ひとしきり笑い終えた後、アイビーは懐から銅貨を取り出し指で弾いて店の店主に金を払った。店主の女性も彼女の様子を見ていたようで顔に笑みを浮かべていた。
「色んなもの見ていけばいつか何か思い出せるわよ。別に思い出せなければ、そのまま昔の自分を捨てて新しい自分になれば良いじゃない」
アイビーはテンシアから実を受け取り、一口でぺろりと食べてしまった。
「ちなみに、これは私の大好物」
「…はは」
やってやったぜ、という表情を向けるアイビー。テンシアは苦笑を浮かべた。
「…ん、そろそろお昼にでもする?スカーナとも合流して何か美味しいものでも食べましょ」
「…でも、お金が」
「大丈夫。お金の事は気にしないで。私、それなりに貯蓄はある方だから欲しいものがあったら何でも言うのよ?」
「…はい」
テンシアは思った。何故彼女はここまで自分に良くしてくれるのだろう、と。言ってしまえば彼女らは他人同士だ。金だって掛かるし、その場に切り捨てて、置いてきぼりにすることだって出来る。
正直、テンシアは後ろめたかった。自分がいつ捨てられるのか。いつ見捨てられるのか。
今自分が感じている幸福はそう長くは続かないのではないか、と。
「…あのっ」
「ん?」
その思いを、ぶつけることにした。
「なぜ…。アイビーさんも…スカーナさんも…スディ?さんも私にここまでしてくれるんですか…?」
怖かった。彼女らの行動の裏に何かおぞましい何かがあったら、どうしようと。
「…なんでだろうなあ。何となく、かな?」
「え」
しかし、帰ってきた言葉は素っ気ないものだった。
「もちろん何かして欲しいとか、何かに利用しようとか思ってる訳じゃあないのよ?…ただ、困ってる人がいるのに助けずに見て見ぬ振りをするのは、違うじゃない?もしそれで、その困ってる人が不幸な目にあったら私は後悔するだろうし、深い悲しみを負うと思う。…あなたを助けたのは本当に何となくなのよ。あなたがそこにいて、私がそこにいたから。それだけよ」
「…」
そんな裏など無かったのだ、とテンシアはほっと胸を撫で下ろすと同時にこんなことを聞いてしまったという罪悪感に苛まれた。アイビーらの親切心、針金のように真っ直ぐな心に疑りを掛けてしまった自分に、だ。
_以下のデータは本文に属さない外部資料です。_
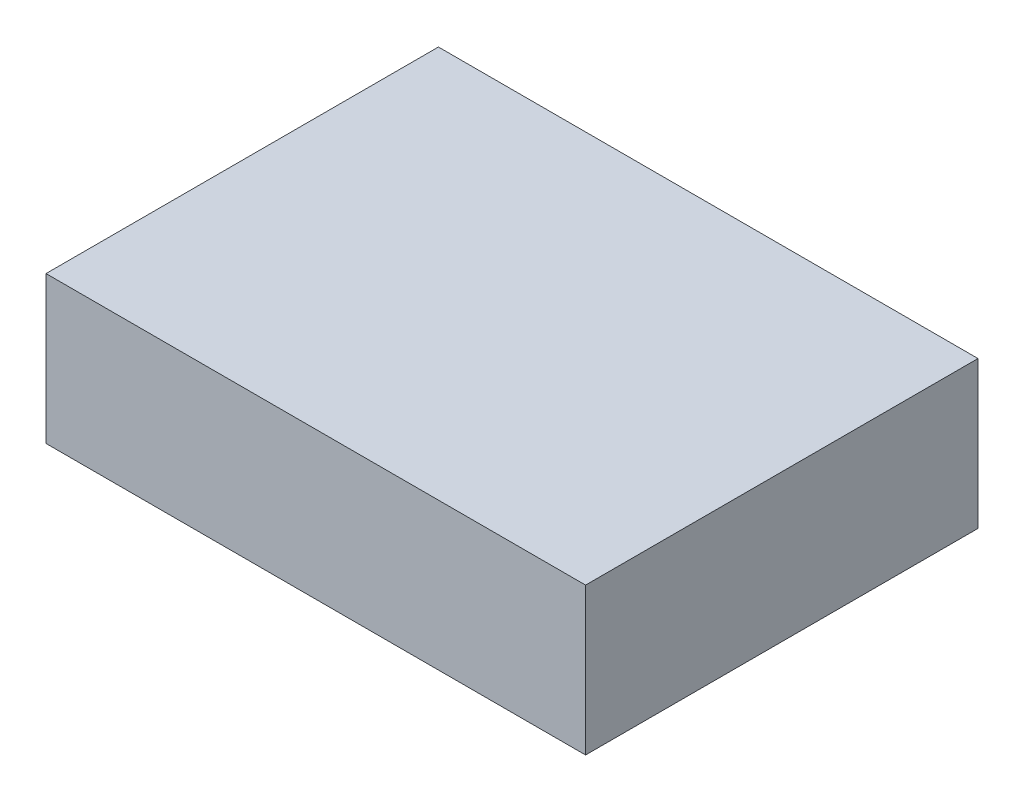
SolidWorks part; units mm, degrees
ref_plane "Front Plane" through (0, 0, 0) normal (0, 0, 1) x (1, 0, 0)
ref_plane "Top Plane" through (0, 0, 0) normal (0, 1, 0) x (1, 0, 0)
ref_plane "Right Plane" through (0, 0, 0) normal (1, 0, 0) x (0, 0, -1)
sketch "Sketch1" plane through (0, 0, 0) normal (0, 1, 0) x (1, 0, 0)
  line L1 (27.5, 20) -> (-27.5, 20)
  line L2 (27.5, 20) -> (27.5, -20)
  line L3 (27.5, -20) -> (-27.5, -20)
  line L4 (-27.5, 20) -> (-27.5, -20)
  line L5 (27.5, 20) -> (-27.5, -20) construction
  line L6 (27.5, -20) -> (-27.5, 20) construction
  point P0 (0, 0)
  dimension "D1" = 55
  dimension "D2" = 40
extrude "Boss-Extrude1" add sketch "Sketch1" along normal blind 15
sketch "Sketch2" plane through (0, 0, 0) normal (0, -1, 0) x (1, 0, 0)
  line L1 (-23.5, -16) -> (23.5, -16) construction
  line L2 (-23.5, -16) -> (-23.5, 16) construction
  line L3 (-23.5, 16) -> (23.5, 16) construction
  line L4 (23.5, -16) -> (23.5, 16) construction
  line L5 (-23.5, -16) -> (23.5, 16) construction
  line L6 (-23.5, 16) -> (23.5, -16) construction
  point P0 (0, 0)
  dimension "D1" = 47
  dimension "D2" = 32
hole_wizard "M1.2x0.25 Tapped Hole1" positions "Sketch3" profile "Sketch4" tap size "M1.2x0.25" standard "ANSI Metric"
sketch "Sketch3" plane through (0, 0, 0) normal (0, -1, 0) x (-1, 0, 0)
  point P0 (-23.5, -16)
  point P3 (23.5, 16)
sketch "Sketch4" plane through (23.5, 0, 16) normal (1, 0, 0) x (0, 0, -1)
  line L0 (0, 0) -> (0, 8.7854)
  line L1 (0, 8.7854) -> (0.475, 8.5)
  line L2 (0.475, 8.5) -> (0.475, 0)
  line L5 (0.475, 0) -> (0, 0)
  line L10 (0, 8.7854) -> (-0.475, 8.5) construction
  line L11 (0, -6.35) -> (0, 107.95) construction
  dimension "Tap Drill Dia." = 0.95
  dimension "Tap Drill Depth" = 8.5
  dimension "Drill Angle" = 118

「なに?もしかして私達があなたを見捨てるとでも思ったの?」
「…ごめんなさい」
「なーに言ってんのよ。私があなたを見捨てる訳がないでしょっ!?」
ペチンと指先で俯くテンシアの額を弾いた。
「あなたの記憶を取り戻すのが私達の目的よ。もし戻らなければ一緒に旅でもしましょう」
ぎゅっと肩を掴むアイビーを見て、テンシアは再び目元に涙を浮かばせた。
「そんな、泣かないで」
「ち、違います。こ、これは、チコの実が」
「そんなに酸っぱかった?」
ふふっと笑うアイビーにテンシアは崩れるようにして彼女に体重を預け、静かに涙という涙を流し始めた。
「あらあら」
流石のアイビーもこれには両腕をホールドアップ。しかし、震える彼女を見てポンポンとその背中を摩ってあげるのであった。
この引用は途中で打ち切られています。